#### MATERIAL SHOWN

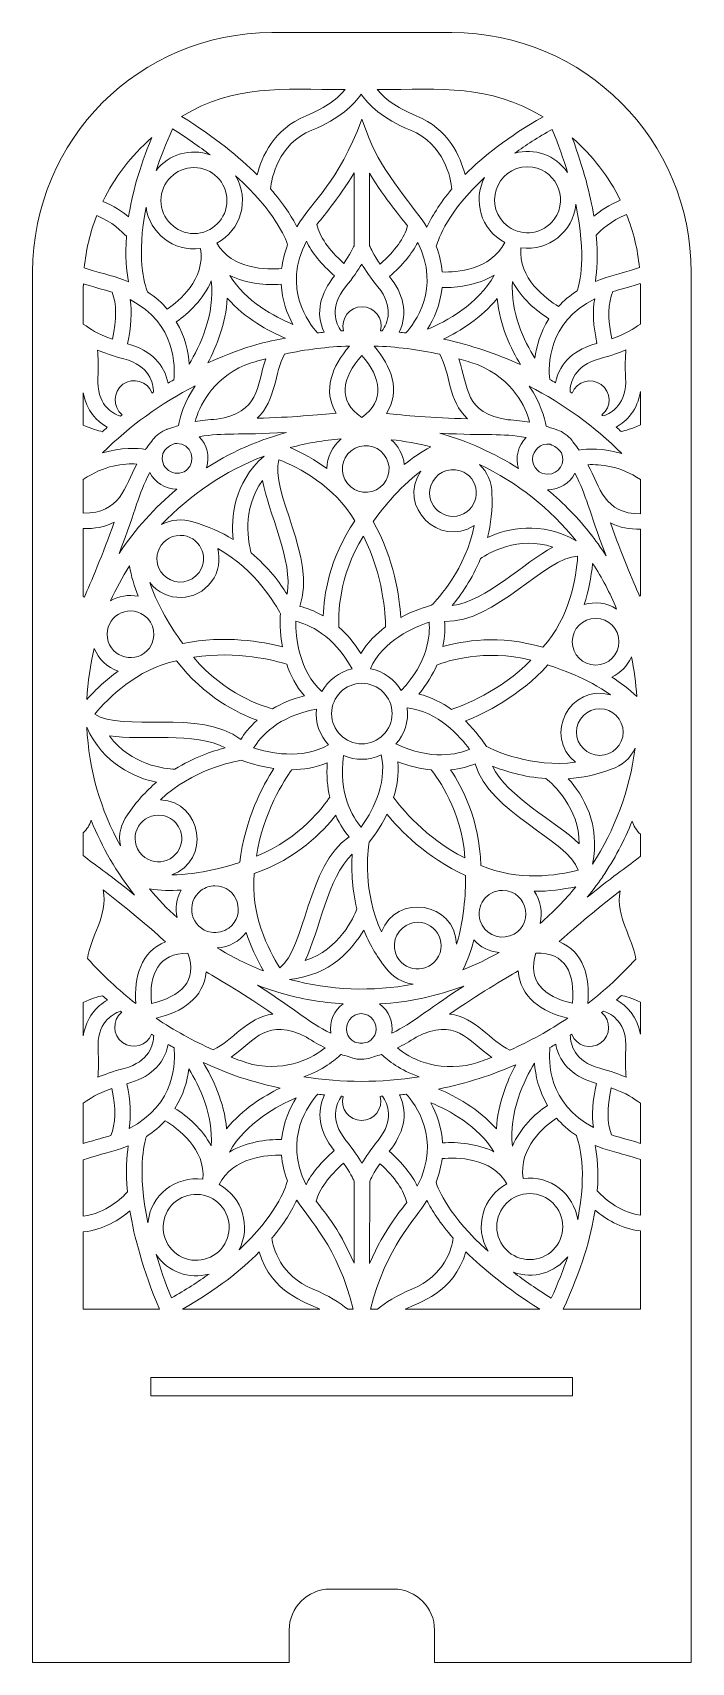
# Model space of a CAD drawing. Header units: inches. Extents: x 99 to 759, y 69 to 701.
# Drawn here: x 504 to 759, y 69 to 701 of the extents above; entities that cross this region are included whole.
import ezdxf

# ---------------------------------------------------------------- set-up
doc = ezdxf.new("R2010")
doc.units = ezdxf.units.IN
doc.header["$MEASUREMENT"] = 0
doc.layers.add('_U+0421_U+043B_U+043E_U+0439 1', color=7, linetype='Continuous')

# ---------------------------------------------------------------- blocks, each defined once
blk = doc.blocks.new('block 2')
at = {"layer": '_U+0421_U+043B_U+043E_U+0439 1', "color": 1, "lineweight": 9, "true_color": 0xff0000}
blk.add_lwpolyline([(713.13, 172.67), (549.69, 172.67), (549.69, 179.77), (713.03, 179.77), (713.03, 172.67), (713.13, 172.67)], dxfattribs=at)
for points, knots in [([(759.05, 608.11), (759.16, 659.44), (717.66, 701.04), (666.33, 701.04), (666.33, 701.04), (596.52, 701.04), (596.52, 701.04), (545.28, 701.04), (503.8, 659.56), (503.8, 608.31), (503.8, 608.31), (503.8, 69.39), (503.8, 69.39), (503.8, 69.39), (603.25, 69.39), (603.25, 69.39), (603.25, 69.39), (603.25, 81.92), (603.25, 81.92), (603.25, 90.67), (610.37, 97.79), (619.11, 97.79), (619.11, 97.79), (643.74, 97.79), (643.74, 97.79), (652.49, 97.79), (659.6, 90.67), (659.6, 81.92), (659.6, 81.92), (659.6, 69.39), (659.6, 69.39), (659.6, 69.39), (759.05, 69.39), (759.05, 69.39), (759.05, 69.39), (759.05, 608.11), (759.05, 608.11), (759.05, 608.11), (759.05, 608.11), (759.05, 608.11)], [0, 0, 0, 0, 1, 1, 1, 2, 2, 2, 3, 3, 3, 4, 4, 4, 5, 5, 5, 6, 6, 6, 7, 7, 7, 8, 8, 8, 9, 9, 9, 10, 10, 10, 11, 11, 11, 12, 12, 12, 13, 13, 13, 13]), ([(624.97, 678.98), (622.44, 675.96), (617.88, 672.04), (609.8, 668.78), (597.22, 663.7), (592.58, 652.86), (590.87, 645.9), (584.01, 652.69), (574.55, 660.4), (561.53, 668.58), (582.79, 681.01), (599.81, 678.98), (624.97, 678.98)], [0, 0, 0, 0, 1, 1, 1, 2, 2, 2, 3, 3, 3, 4, 4, 4, 4]), ([(631.15, 677.2), (633.9, 673.2), (639.42, 667.59), (650.26, 663.22), (663.49, 657.87), (665.91, 644.4), (666.34, 640.44), (661.39, 634.57), (658.42, 629.45), (656.65, 625.63), (652.68, 632.2), (638.99, 647.22), (634.24, 659.98), (634.24, 659.98), (631.48, 667.54), (631.48, 667.54), (621.86, 642.18), (612.64, 636.36), (606.21, 625.82), (604.36, 629.5), (601.23, 634.52), (595.98, 640.5), (596.42, 644.53), (598.88, 657.9), (612.05, 663.22), (622.88, 667.59), (628.41, 673.2), (631.15, 677.2)], [0, 0, 0, 0, 1, 1, 1, 2, 2, 2, 3, 3, 3, 4, 4, 4, 5, 5, 5, 6, 6, 6, 7, 7, 7, 8, 8, 8, 9, 9, 9, 9]), ([(701.64, 668.4), (688.09, 660.73), (678.37, 652.99), (671.41, 645.98), (669.69, 652.94), (665.04, 663.72), (652.5, 668.78), (644.42, 672.04), (639.86, 675.97), (637.34, 678.98), (662.93, 678.98), (680.2, 681.07), (701.64, 668.4)], [0, 0, 0, 0, 1, 1, 1, 2, 2, 2, 3, 3, 3, 4, 4, 4, 4]), ([(551.65, 647.6), (553.31, 652.58), (555.4, 657.93), (558.05, 663.69), (563.58, 660.23), (568.41, 656.86), (572.67, 653.63), (564.92, 656.41), (556.58, 653.83), (551.65, 647.6)], [0, 0, 0, 0, 1, 1, 1, 2, 2, 2, 3, 3, 3, 3]), ([(690.66, 654.31), (694.92, 657.36), (699.74, 660.46), (705.24, 663.54), (707.68, 657.49), (709.61, 651.93), (711.16, 646.81), (706.49, 653.66), (698.23, 656.4), (690.66, 654.31)], [0, 0, 0, 0, 1, 1, 1, 2, 2, 2, 3, 3, 3, 3]), ([(550.03, 660.33), (545.03, 648.38), (542.33, 638.13), (541.01, 629.58), (538.56, 631.63), (535.19, 633.96), (531.03, 635.62), (535.49, 644.85), (541.77, 653.18), (550.03, 660.33)], [0, 0, 0, 0, 1, 1, 1, 2, 2, 2, 3, 3, 3, 3]), ([(731.61, 636.04), (727.31, 634.36), (723.84, 631.96), (721.34, 629.85), (719.98, 638.19), (717.43, 648.26), (712.97, 660.21), (720.94, 653.27), (727.12, 645.18), (731.61, 636.04)], [0, 0, 0, 0, 1, 1, 1, 2, 2, 2, 3, 3, 3, 3]), ([(579.15, 635.95), (579.15, 628.9), (573.41, 623.17), (566.36, 623.17), (559.31, 623.17), (553.57, 628.9), (553.57, 635.95), (553.57, 643), (559.31, 648.74), (566.36, 648.74), (573.41, 648.74), (579.15, 643), (579.15, 635.95)], [0, 0, 0, 0, 1, 1, 1, 2, 2, 2, 3, 3, 3, 4, 4, 4, 4]), ([(602.66, 618.74), (601.41, 615.55), (600.67, 612.49), (600.33, 609.58), (594.88, 609.15), (581.04, 609.16), (575.22, 619.39), (584.57, 624.42), (588.02, 636.23), (582.5, 645.52), (597.78, 631.7), (601.81, 621.48), (602.66, 618.74)], [0, 0, 0, 0, 1, 1, 1, 2, 2, 2, 3, 3, 3, 4, 4, 4, 4]), ([(628.4, 618.44), (627.97, 617.49), (626.79, 615.05), (624.42, 611.57), (618.53, 616.89), (615.05, 621.95), (614.02, 626.64), (615.81, 629.03), (622.25, 636.48), (628.42, 646.67), (628.42, 646.67), (628.4, 618.44), (628.4, 618.44)], [0, 0, 0, 0, 1, 1, 1, 2, 2, 2, 3, 3, 3, 4, 4, 4, 4]), ([(638.53, 611.3), (636.04, 614.93), (634.82, 617.47), (634.4, 618.43), (634.4, 618.43), (634.42, 646.59), (634.42, 646.59), (640.7, 636.16), (647.1, 628.88), (649.12, 626.13), (647.93, 621.5), (644.38, 616.53), (638.53, 611.3)], [0, 0, 0, 0, 1, 1, 1, 2, 2, 2, 3, 3, 3, 4, 4, 4, 4]), ([(686.79, 619.68), (681.29, 608.91), (668.1, 608.1), (662.56, 608.27), (662.3, 611.42), (661.59, 614.76), (660.27, 618.24), (661.07, 621.07), (664.85, 631.82), (679.02, 644.9), (674.35, 636), (677.47, 624.7), (686.79, 619.68)], [0, 0, 0, 0, 1, 1, 1, 2, 2, 2, 3, 3, 3, 4, 4, 4, 4]), ([(695.68, 649.01), (706.06, 649.01), (712.14, 637.15), (706.01, 628.71), (701.85, 622.99), (693.86, 621.72), (688.15, 625.88), (678.24, 633.07), (683.21, 649.01), (695.68, 649.01)], [0, 0, 0, 0, 1, 1, 1, 2, 2, 2, 3, 3, 3, 3]), ([(547.78, 633.32), (549.18, 623.42), (558.33, 615.91), (568.91, 617.36), (570.79, 605.41), (560.59, 597), (556.01, 593.88), (553.94, 596.28), (551.4, 598.56), (548.28, 600.61), (547.24, 603.35), (543.92, 614.24), (547.78, 633.32)], [0, 0, 0, 0, 1, 1, 1, 2, 2, 2, 3, 3, 3, 4, 4, 4, 4]), ([(714.91, 600.96), (712.03, 599.11), (709.63, 597.07), (707.64, 594.92), (702.98, 597.77), (691.8, 605.92), (693.09, 617.62), (703.75, 616.16), (713.36, 623.83), (714.34, 634.48), (718.59, 614.32), (715.83, 603.68), (714.91, 600.96)], [0, 0, 0, 0, 1, 1, 1, 2, 2, 2, 3, 3, 3, 4, 4, 4, 4]), ([(528.65, 630.11), (534.5, 627.79), (538.6, 623.81), (540.17, 622.11), (539.62, 614.46), (540.22, 608.57), (541.03, 604.46), (535.22, 606.9), (532.97, 606.87), (523.82, 609.87), (524.5, 616.87), (526.14, 623.66), (528.65, 630.11)], [0, 0, 0, 0, 1, 1, 1, 2, 2, 2, 3, 3, 3, 4, 4, 4, 4]), ([(722.29, 622.49), (723.91, 624.24), (728.07, 628.26), (734.04, 630.53), (736.63, 623.98), (738.32, 617.08), (739.02, 609.95), (729.83, 606.95), (727.69, 607), (721.94, 604.6), (722.61, 608.67), (723.03, 614.57), (722.29, 622.49)], [0, 0, 0, 0, 1, 1, 1, 2, 2, 2, 3, 3, 3, 4, 4, 4, 4]), ([(616.81, 584.92), (615.95, 584.83), (615.1, 584.74), (614.24, 584.64), (610.93, 588.28), (600.43, 601.97), (609.94, 620.23), (612.05, 615.8), (615.66, 611.34), (620.82, 606.74), (615.43, 600.04), (613.22, 592.69), (616.81, 584.92)], [0, 0, 0, 0, 1, 1, 1, 2, 2, 2, 3, 3, 3, 4, 4, 4, 4]), ([(648.52, 584.66), (647.66, 584.76), (646.8, 584.85), (645.94, 584.93), (649.42, 592.49), (647.42, 599.99), (642.13, 606.48), (647.26, 610.99), (650.89, 615.37), (653.07, 619.71), (662.11, 601.73), (651.81, 588.28), (648.52, 584.66)], [0, 0, 0, 0, 1, 1, 1, 2, 2, 2, 3, 3, 3, 4, 4, 4, 4]), ([(534.64, 600.43), (536.4, 595.99), (536.45, 589.87), (534.79, 582.2), (528.32, 584.5), (526.45, 586.06), (523.46, 588.07), (523.46, 607.03), (523.45, 601.32), (523.49, 603.67), (529.84, 601.66), (531.68, 601.38), (534.64, 600.43)], [0, 0, 0, 0, 1, 1, 1, 2, 2, 2, 3, 3, 3, 4, 4, 4, 4]), ([(600.14, 603.51), (600.5, 597.29), (602.52, 591.99), (604.73, 587.95), (597.53, 590.89), (586.47, 596.79), (580.23, 606.96), (586.76, 603.71), (594.37, 603.08), (600.14, 603.51)], [0, 0, 0, 0, 1, 1, 1, 2, 2, 2, 3, 3, 3, 3]), ([(631.38, 611.31), (632.79, 608.97), (634.8, 605.97), (637.62, 602.51), (644.06, 594.62), (641.38, 588.36), (639.34, 585.43), (639.12, 585.45), (638.89, 585.45), (638.67, 585.46), (639.94, 590.24), (636.33, 594.79), (631.52, 594.79), (626.71, 594.79), (623.09, 590.25), (624.36, 585.47), (624.05, 585.46), (623.73, 585.44), (623.42, 585.43), (621.37, 588.35), (618.69, 594.62), (625.12, 602.51), (627.95, 605.97), (629.97, 608.97), (631.38, 611.31)], [0, 0, 0, 0, 1, 1, 1, 2, 2, 2, 3, 3, 3, 4, 4, 4, 5, 5, 5, 6, 6, 6, 7, 7, 7, 8, 8, 8, 8]), ([(682.75, 607.06), (676.47, 595.71), (664.01, 589.06), (656.91, 586.04), (659.35, 590), (661.87, 595.55), (662.51, 602.25), (668.35, 602.06), (676.2, 603.13), (682.75, 607.06)], [0, 0, 0, 0, 1, 1, 1, 2, 2, 2, 3, 3, 3, 3]), ([(739.4, 588.06), (736.4, 586.11), (734.52, 584.61), (728.3, 582.37), (726.67, 590.13), (726.82, 596.27), (728.74, 600.67), (731.81, 601.61), (733.46, 601.89), (739.36, 603.76), (739.41, 601.27), (739.4, 606.64), (739.4, 588.06)], [0, 0, 0, 0, 1, 1, 1, 2, 2, 2, 3, 3, 3, 4, 4, 4, 4]), ([(573.06, 604.77), (574.64, 591.89), (568.47, 579.19), (564.51, 572.57), (564.16, 577.22), (562.93, 583.19), (559.51, 588.98), (564.35, 592.26), (570.06, 597.74), (573.06, 604.77)], [0, 0, 0, 0, 1, 1, 1, 2, 2, 2, 3, 3, 3, 3]), ([(698.49, 574.82), (694.39, 581.42), (688.9, 592.69), (689.83, 604.62), (693.21, 598.15), (699, 593.16), (703.92, 590.12), (700.55, 584.87), (699.07, 579.39), (698.49, 574.82)], [0, 0, 0, 0, 1, 1, 1, 2, 2, 2, 3, 3, 3, 3]), ([(558.52, 566.45), (557.78, 566.03), (557.03, 565.62), (556.29, 565.19), (554.91, 572.21), (550, 577.89), (540.54, 580.43), (542.03, 587.08), (542.39, 592.76), (541.61, 597.55), (559.59, 588.26), (559.05, 571.18), (558.52, 566.45)], [0, 0, 0, 0, 1, 1, 1, 2, 2, 2, 3, 3, 3, 4, 4, 4, 4]), ([(579.28, 598.1), (586.16, 590.21), (595.23, 585.35), (601.78, 582.63), (594.63, 581.17), (588.5, 580.45), (571.72, 573.07), (575.06, 579.33), (578.76, 588.3), (579.28, 598.1)], [0, 0, 0, 0, 1, 1, 1, 2, 2, 2, 3, 3, 3, 3]), ([(692.93, 572.35), (683.9, 576.45), (673.86, 579.89), (663.11, 582.23), (669.48, 585.33), (677.71, 590.41), (683.87, 598), (684.79, 587.62), (689.24, 578.4), (692.93, 572.35)], [0, 0, 0, 0, 1, 1, 1, 2, 2, 2, 3, 3, 3, 3]), ([(721.67, 597.87), (720.78, 593.05), (721.08, 587.33), (722.55, 580.58), (714.24, 578.32), (708.16, 573.68), (706.49, 565.31), (705.74, 565.75), (704.99, 566.18), (704.24, 566.61), (703.7, 571.52), (703.3, 588.7), (721.67, 597.87)], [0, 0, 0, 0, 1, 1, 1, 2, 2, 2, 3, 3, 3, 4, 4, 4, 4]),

########

Search the data for "color". Copy each line that has it.

◆ **OUTPUT FOR THIS EXERCISE**
doc.layers.add('_U+0421_U+043B_U+043E_U+0439 1', color=7, linetype='Continuous')
at = {"layer": '_U+0421_U+043B_U+043E_U+0439 1', "color": 1, "lineweight": 9, "true_color": 0xff0000}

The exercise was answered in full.